**Assigned task**
Comb the records below for the string "ezdxf" and copy each line where it turns up.

**Data extract**
-- -- --

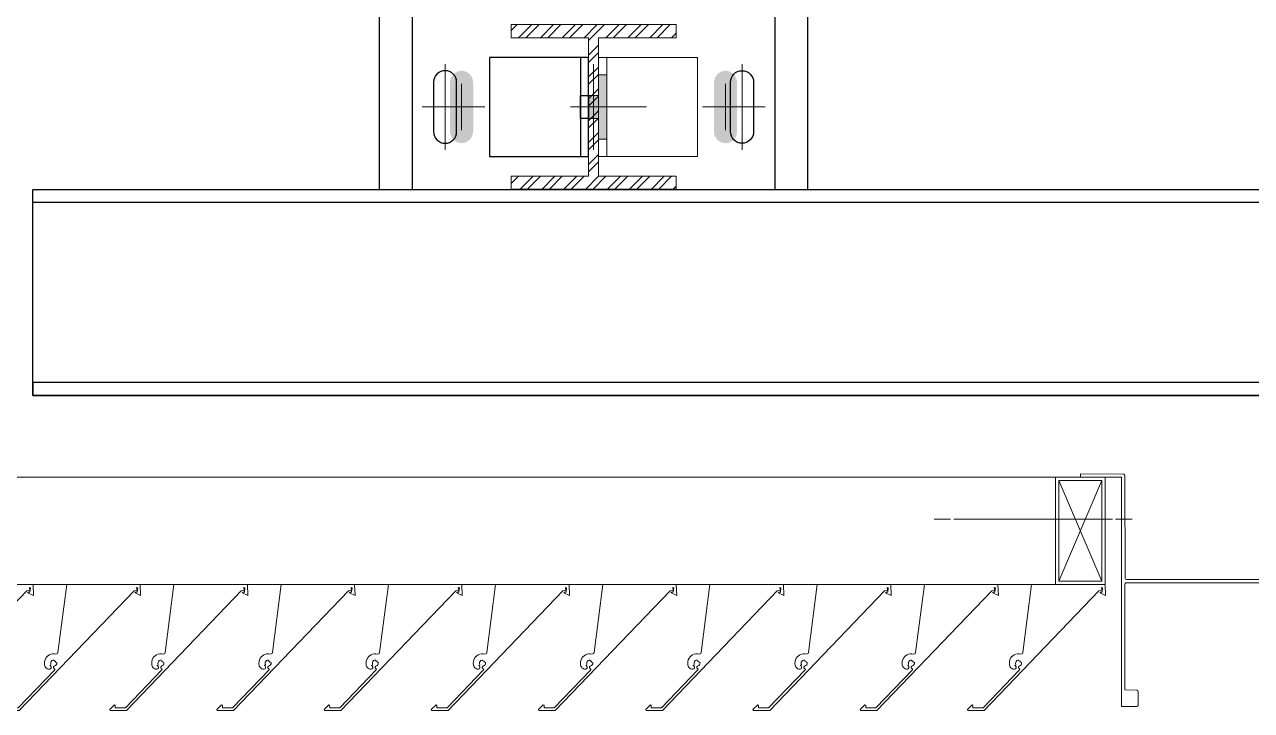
# Model space of a CAD drawing. Header units: millimetres. Extents: x -220592 to 404889, y -217665 to 38245.
# Drawn here: x 28195 to 28939, y -41544 to -41128 of the extents above; entities that cross this region are included whole.
import ezdxf

# ---------------------------------------------------------------- set-up
doc = ezdxf.new("R2010")
doc.units = ezdxf.units.MM
doc.linetypes.add('XKITLINE00', pattern=[0])
doc.linetypes.add('XKITLINE02', pattern=[4, 2, -2])
doc.layers.get('Defpoints').update_dxf_attribs({"color": 255})
for name, color, linetype in [('000 - 0_HIDE_OBJ_FRAMING_DEF_SUB_1', 1, 'Continuous'), ('000 - STRUCTURE_STEEL_ACCESORIES_HATCH_', 251, 'Continuous'), ('000 - STRUCTURE_STEEL_ACCESORIES_HIDDEN_', 251, 'Continuous'), ('000 - STRUCTURE_STEEL_ACCESORIES_MAIN_COLOR_1', 2, 'Continuous'), ('000 - STRUCTURE_STEEL_FRAMING_CUT_COLOR_4', 4, 'Continuous'), ('000 - STRUCTURE_STEEL_FRAMING_DEF_SUB', 250, 'Continuous'), ('000 - STRUCTURE_STEEL_FRAMING_HIDDEN_', 251, 'Continuous'), ('000 - STRUCTURE_STEEL_FRAMING_SUB_COLOR_1', 2, 'Continuous'), ('000 - STRUCTURE_STEEL_FRAMING_SUB_COLOR_2', 1, 'Continuous'), ('000 - STRUCTURE_STEEL_FRAMING_WIPEOUT_', 250, 'Continuous')]:
    doc.layers.add(name, color=color, linetype=linetype)
doc.layers.add('Part', color=2, linetype='Continuous', lineweight=0)

# ---------------------------------------------------------------- blocks, each defined once
blk = doc.blocks.new('*A13547')
at = {"layer": 'Part', "linetype": 'XKITLINE00', "lineweight": 0}
for p, q in [((-168.572111, 99.410877), (-167.875865, 100.135999)), ((-168.284201, 100.175799), (-168.337231, 99.761793)), ((-167.838531, 100.175791), (-168.284201, 100.175799)), ((-167.875865, 100.135999), (-167.857322, 100.138896)), ((-167.868984, 100.128764), (-167.869396, 100.123641)), ((-167.869396, 100.123641), (-167.835909, 100.108106)), ((-167.856793, 100.128893), (-167.868984, 100.128764)), ((-167.857322, 100.138896), (-167.860226, 100.155912)), ((-167.860226, 100.155912), (-167.853653, 100.153876)), ((-167.856793, 100.128893), (-167.853653, 100.153876)), ((-167.835909, 100.108106), (-167.838531, 100.175791)), ((-168.379864, 99.75223), (-168.389294, 99.748232)), ((-168.369865, 99.754453), (-168.379864, 99.75223)), ((-168.359629, 99.754828), (-168.369865, 99.754453)), ((-168.349495, 99.753342), (-168.359629, 99.754828)), ((-168.343972, 99.753581), (-168.349495, 99.753342)), ((-168.339421, 99.756718), (-168.343972, 99.753581)), ((-168.337231, 99.761793), (-168.339421, 99.756718)), ((-168.418205, 99.708016), (-168.41899, 99.697803)), ((-168.41899, 99.697803), (-168.418892, 99.691004)), ((-168.418892, 99.691004), (-168.418256, 99.685276)), ((-168.418256, 99.685276), (-168.416537, 99.679775)), ((-168.415582, 99.717917), (-168.418205, 99.708016)), ((-168.416537, 99.679775), (-168.413797, 99.674705)), ((-168.411209, 99.727179), (-168.415582, 99.717917)), ((-168.405231, 99.735496), (-168.411209, 99.727179)), ((-168.397844, 99.742592), (-168.405231, 99.735496)), ((-168.389294, 99.748232), (-168.397844, 99.742592)), ((-168.387334, 99.683555), (-168.382353, 99.685585)), ((-168.381862, 99.680613), (-168.387334, 99.683555)), ((-168.382353, 99.685585), (-168.379946, 99.690396)), ((-168.378644, 99.675456), (-168.381862, 99.680613)), ((-168.380851, 99.696314), (-168.380507, 99.702814)), ((-168.379946, 99.690396), (-168.380851, 99.696314)), ((-168.380507, 99.702814), (-168.377909, 99.708782)), ((-168.377909, 99.708782), (-168.373387, 99.713464)), ((-168.373387, 99.713464), (-168.367513, 99.716266)), ((-168.367513, 99.716266), (-168.361029, 99.716835)), ((-168.360101, 99.680283), (-168.364258, 99.6761)), ((-168.361029, 99.716835), (-168.359923, 99.709129)), ((-168.352527, 99.683397), (-168.360101, 99.680283)), ((-168.359923, 99.709129), (-168.352863, 99.710299)), ((-168.352863, 99.710299), (-168.351919, 99.703134)), ((-168.347741, 99.688064), (-168.352527, 99.683397)), ((-168.351919, 99.703134), (-168.344528, 99.700812)), ((-168.344951, 99.69414), (-168.347741, 99.688064)), ((-168.344528, 99.700812), (-168.344951, 99.69414)), ((-168.357075, 99.656928), (-168.578477, 99.425912)), ((-168.413797, 99.674705), (-168.410139, 99.670251)), ((-168.410139, 99.670251), (-168.405696, 99.66658)), ((-168.405696, 99.66658), (-168.400633, 99.663826)), ((-168.400633, 99.663826), (-168.395137, 99.662091)), ((-168.395137, 99.662091), (-168.387367, 99.661595)), ((-168.387367, 99.661595), (-168.381893, 99.664235)), ((-168.381893, 99.664235), (-168.378656, 99.669379)), ((-168.378656, 99.669379), (-168.378644, 99.675456)), ((-168.364258, 99.6761), (-168.364464, 99.670206)), ((-168.364464, 99.670206), (-168.36061, 99.665742)), ((-168.36061, 99.665742), (-168.355983, 99.662087)), ((-168.355983, 99.662087), (-168.357075, 99.656928)), ((-168.644842, 99.44476), (-168.67373, 99.416111)), ((-168.67373, 99.416111), (-168.671262, 99.41143)), ((-168.671262, 99.41143), (-168.572111, 99.410877)), ((-168.639921, 99.443675), (-168.644842, 99.44476)), ((-168.639824, 99.426255), (-168.639921, 99.443675)), ((-168.578477, 99.425912), (-168.639824, 99.426255))]:
    blk.add_line(p, q, dxfattribs=at)
blk = doc.blocks.new('*A13553')
at = {"layer": 'Part', "linetype": 'XKITLINE00', "lineweight": 0}
for p, q in [((-165.322111, 99.410877), (-164.625865, 100.135999)), ((-165.034201, 100.175799), (-165.087231, 99.761793)), ((-164.588531, 100.175791), (-165.034201, 100.175799)), ((-164.625865, 100.135999), (-164.607322, 100.138896)), ((-164.618984, 100.128764), (-164.619396, 100.123641)), ((-164.619396, 100.123641), (-164.585909, 100.108106)), ((-164.606793, 100.128893), (-164.618984, 100.128764)), ((-164.607322, 100.138896), (-164.610226, 100.155912)), ((-164.610226, 100.155912), (-164.603653, 100.153876)), ((-164.606793, 100.128893), (-164.603653, 100.153876)), ((-164.585909, 100.108106), (-164.588531, 100.175791)), ((-165.129864, 99.75223), (-165.139294, 99.748232)), ((-165.119865, 99.754453), (-165.129864, 99.75223)), ((-165.109629, 99.754828), (-165.119865, 99.754453)), ((-165.099495, 99.753342), (-165.109629, 99.754828)), ((-165.093972, 99.753581), (-165.099495, 99.753342)), ((-165.089421, 99.756718), (-165.093972, 99.753581)), ((-165.087231, 99.761793), (-165.089421, 99.756718)), ((-165.168205, 99.708016), (-165.16899, 99.697803)), ((-165.16899, 99.697803), (-165.168892, 99.691004)), ((-165.168892, 99.691004), (-165.168256, 99.685276)), ((-165.168256, 99.685276), (-165.166537, 99.679775)), ((-165.165582, 99.717917), (-165.168205, 99.708016)), ((-165.166537, 99.679775), (-165.163797, 99.674705)), ((-165.161209, 99.727179), (-165.165582, 99.717917)), ((-165.155231, 99.735496), (-165.161209, 99.727179)), ((-165.147844, 99.742592), (-165.155231, 99.735496)), ((-165.139294, 99.748232), (-165.147844, 99.742592)), ((-165.137334, 99.683555), (-165.132353, 99.685585)), ((-165.131862, 99.680613), (-165.137334, 99.683555)), ((-165.132353, 99.685585), (-165.129946, 99.690396)), ((-165.128644, 99.675456), (-165.131862, 99.680613)), ((-165.130851, 99.696314), (-165.130507, 99.702814)), ((-165.129946, 99.690396), (-165.130851, 99.696314)), ((-165.130507, 99.702814), (-165.127909, 99.708782)), ((-165.127909, 99.708782), (-165.123387, 99.713464)), ((-165.123387, 99.713464), (-165.117513, 99.716266)), ((-165.117513, 99.716266), (-165.111029, 99.716835)), ((-165.110101, 99.680283), (-165.114258, 99.6761)), ((-165.111029, 99.716835), (-165.109923, 99.709129)), ((-165.102527, 99.683397), (-165.110101, 99.680283)), ((-165.109923, 99.709129), (-165.102863, 99.710299)), ((-165.102863, 99.710299), (-165.101919, 99.703134)), ((-165.097741, 99.688064), (-165.102527, 99.683397)), ((-165.101919, 99.703134), (-165.094528, 99.700812)), ((-165.094951, 99.69414), (-165.097741, 99.688064)), ((-165.094528, 99.700812), (-165.094951, 99.69414)), ((-165.107075, 99.656928), (-165.328477, 99.425912)), ((-165.163797, 99.674705), (-165.160139, 99.670251)), ((-165.160139, 99.670251), (-165.155696, 99.66658)), ((-165.155696, 99.66658), (-165.150633, 99.663826)), ((-165.150633, 99.663826), (-165.145137, 99.662091)), ((-165.145137, 99.662091), (-165.137367, 99.661595)), ((-165.137367, 99.661595), (-165.131893, 99.664235)), ((-165.131893, 99.664235), (-165.128656, 99.669379)), ((-165.128656, 99.669379), (-165.128644, 99.675456)), ((-165.114258, 99.6761), (-165.114464, 99.670206)), ((-165.114464, 99.670206), (-165.11061, 99.665742)), ((-165.11061, 99.665742), (-165.105983, 99.662087)), ((-165.105983, 99.662087), (-165.107075, 99.656928)), ((-165.394842, 99.44476), (-165.42373, 99.416111)), ((-165.42373, 99.416111), (-165.421262, 99.41143)), ((-165.421262, 99.41143), (-165.322111, 99.410877)), ((-165.389921, 99.443675), (-165.394842, 99.44476)), ((-165.389824, 99.426255), (-165.389921, 99.443675)), ((-165.328477, 99.425912), (-165.389824, 99.426255))]:
    blk.add_line(p, q, dxfattribs=at)
blk = doc.blocks.new('*A13554')
at = {"layer": 'Part', "linetype": 'XKITLINE00', "lineweight": 0}
for p, q in [((-164.672111, 99.410877), (-163.975865, 100.135999)), ((-164.384201, 100.175799), (-164.437231, 99.761793)), ((-163.938531, 100.175791), (-164.384201, 100.175799)), ((-163.975865, 100.135999), (-163.957322, 100.138896)), ((-163.968984, 100.128764), (-163.969396, 100.123641)), ((-163.969396, 100.123641), (-163.935909, 100.108106)), ((-163.956793, 100.128893), (-163.968984, 100.128764)), ((-163.957322, 100.138896), (-163.960226, 100.155912)), ((-163.960226, 100.155912), (-163.953653, 100.153876)), ((-163.956793, 100.128893), (-163.953653, 100.153876)), ((-163.935909, 100.108106), (-163.938531, 100.175791)), ((-164.479864, 99.75223), (-164.489294, 99.748232)), ((-164.469865, 99.754453), (-164.479864, 99.75223)), ((-164.459629, 99.754828), (-164.469865, 99.754453)), ((-164.449495, 99.753342), (-164.459629, 99.754828)), ((-164.443972, 99.753581), (-164.449495, 99.753342)), ((-164.439421, 99.756718), (-164.443972, 99.753581)), ((-164.437231, 99.761793), (-164.439421, 99.756718)), ((-164.518205, 99.708016), (-164.51899, 99.697803)), ((-164.51899, 99.697803), (-164.518892, 99.691004)), ((-164.518892, 99.691004), (-164.518256, 99.685276)), ((-164.518256, 99.685276), (-164.516537, 99.679775)), ((-164.515582, 99.717917), (-164.518205, 99.708016)), ((-164.516537, 99.679775), (-164.513797, 99.674705)), ((-164.511209, 99.727179), (-164.515582, 99.717917)), ((-164.505231, 99.735496), (-164.511209, 99.727179)), ((-164.497844, 99.742592), (-164.505231, 99.735496)), ((-164.489294, 99.748232), (-164.497844, 99.742592)), ((-164.487334, 99.683555), (-164.482353, 99.685585)), ((-164.481862, 99.680613), (-164.487334, 99.683555)), ((-164.482353, 99.685585), (-164.479946, 99.690396)), ((-164.478644, 99.675456), (-164.481862, 99.680613)), ((-164.480851, 99.696314), (-164.480507, 99.702814)), ((-164.479946, 99.690396), (-164.480851, 99.696314)), ((-164.480507, 99.702814), (-164.477909, 99.708782)), ((-164.477909, 99.708782), (-164.473387, 99.713464)), ((-164.473387, 99.713464), (-164.467513, 99.716266)), ((-164.467513, 99.716266), (-164.461029, 99.716835)), ((-164.460101, 99.680283), (-164.464258, 99.6761)), ((-164.461029, 99.716835), (-164.459923, 99.709129)), ((-164.452527, 99.683397), (-164.460101, 99.680283)), ((-164.459923, 99.709129), (-164.452863, 99.710299)), ((-164.452863, 99.710299), (-164.451919, 99.703134)), ((-164.447741, 99.688064), (-164.452527, 99.683397)), ((-164.451919, 99.703134), (-164.444528, 99.700812)), ((-164.444951, 99.69414), (-164.447741, 99.688064)), ((-164.444528, 99.700812), (-164.444951, 99.69414)), ((-164.457075, 99.656928), (-164.678477, 99.425912)), ((-164.513797, 99.674705), (-164.510139, 99.670251)), ((-164.510139, 99.670251), (-164.505696, 99.66658)), ((-164.505696, 99.66658), (-164.500633, 99.663826)), ((-164.500633, 99.663826), (-164.495137, 99.662091)), ((-164.495137, 99.662091), (-164.487367, 99.661595)), ((-164.487367, 99.661595), (-164.481893, 99.664235)), ((-164.481893, 99.664235), (-164.478656, 99.669379)), ((-164.478656, 99.669379), (-164.478644, 99.675456)), ((-164.464258, 99.6761), (-164.464464, 99.670206)), ((-164.464464, 99.670206), (-164.46061, 99.665742)), ((-164.46061, 99.665742), (-164.455983, 99.662087)), ((-164.455983, 99.662087), (-164.457075, 99.656928)), ((-164.744842, 99.44476), (-164.77373, 99.416111)), ((-164.77373, 99.416111), (-164.771262, 99.41143)), ((-164.771262, 99.41143), (-164.672111, 99.410877)), ((-164.739921, 99.443675), (-164.744842, 99.44476)), ((-164.739824, 99.426255), (-164.739921, 99.443675)), ((-164.678477, 99.425912), (-164.739824, 99.426255))]:
    blk.add_line(p, q, dxfattribs=at)
blk = doc.blocks.new('*A13555')
at = {"layer": 'Part', "linetype": 'XKITLINE00', "lineweight": 0}
for p, q in [((-164.022111, 99.410877), (-163.325865, 100.135999)), ((-163.734201, 100.175799), (-163.787231, 99.761793)), ((-163.288531, 100.175791), (-163.734201, 100.175799)), ((-163.325865, 100.135999), (-163.307322, 100.138896)), ((-163.318984, 100.128764), (-163.319396, 100.123641)), ((-163.319396, 100.123641), (-163.285909, 100.108106)), ((-163.306793, 100.128893), (-163.318984, 100.128764)), ((-163.307322, 100.138896), (-163.310226, 100.155912)), ((-163.310226, 100.155912), (-163.303653, 100.153876)), ((-163.306793, 100.128893), (-163.303653, 100.153876)), ((-163.285909, 100.108106), (-163.288531, 100.175791)), ((-163.829864, 99.75223), (-163.839294, 99.748232)), ((-163.819865, 99.754453), (-163.829864, 99.75223)), ((-163.809629, 99.754828), (-163.819865, 99.754453)), ((-163.799495, 99.753342), (-163.809629, 99.754828)), ((-163.793972, 99.753581), (-163.799495, 99.753342)), ((-163.789421, 99.756718), (-163.793972, 99.753581)), ((-163.787231, 99.761793), (-163.789421, 99.756718)), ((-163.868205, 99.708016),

-- -- --

**Result for this exercise**
import ezdxf
doc = ezdxf.new("R2010")
doc.units = ezdxf.units.MM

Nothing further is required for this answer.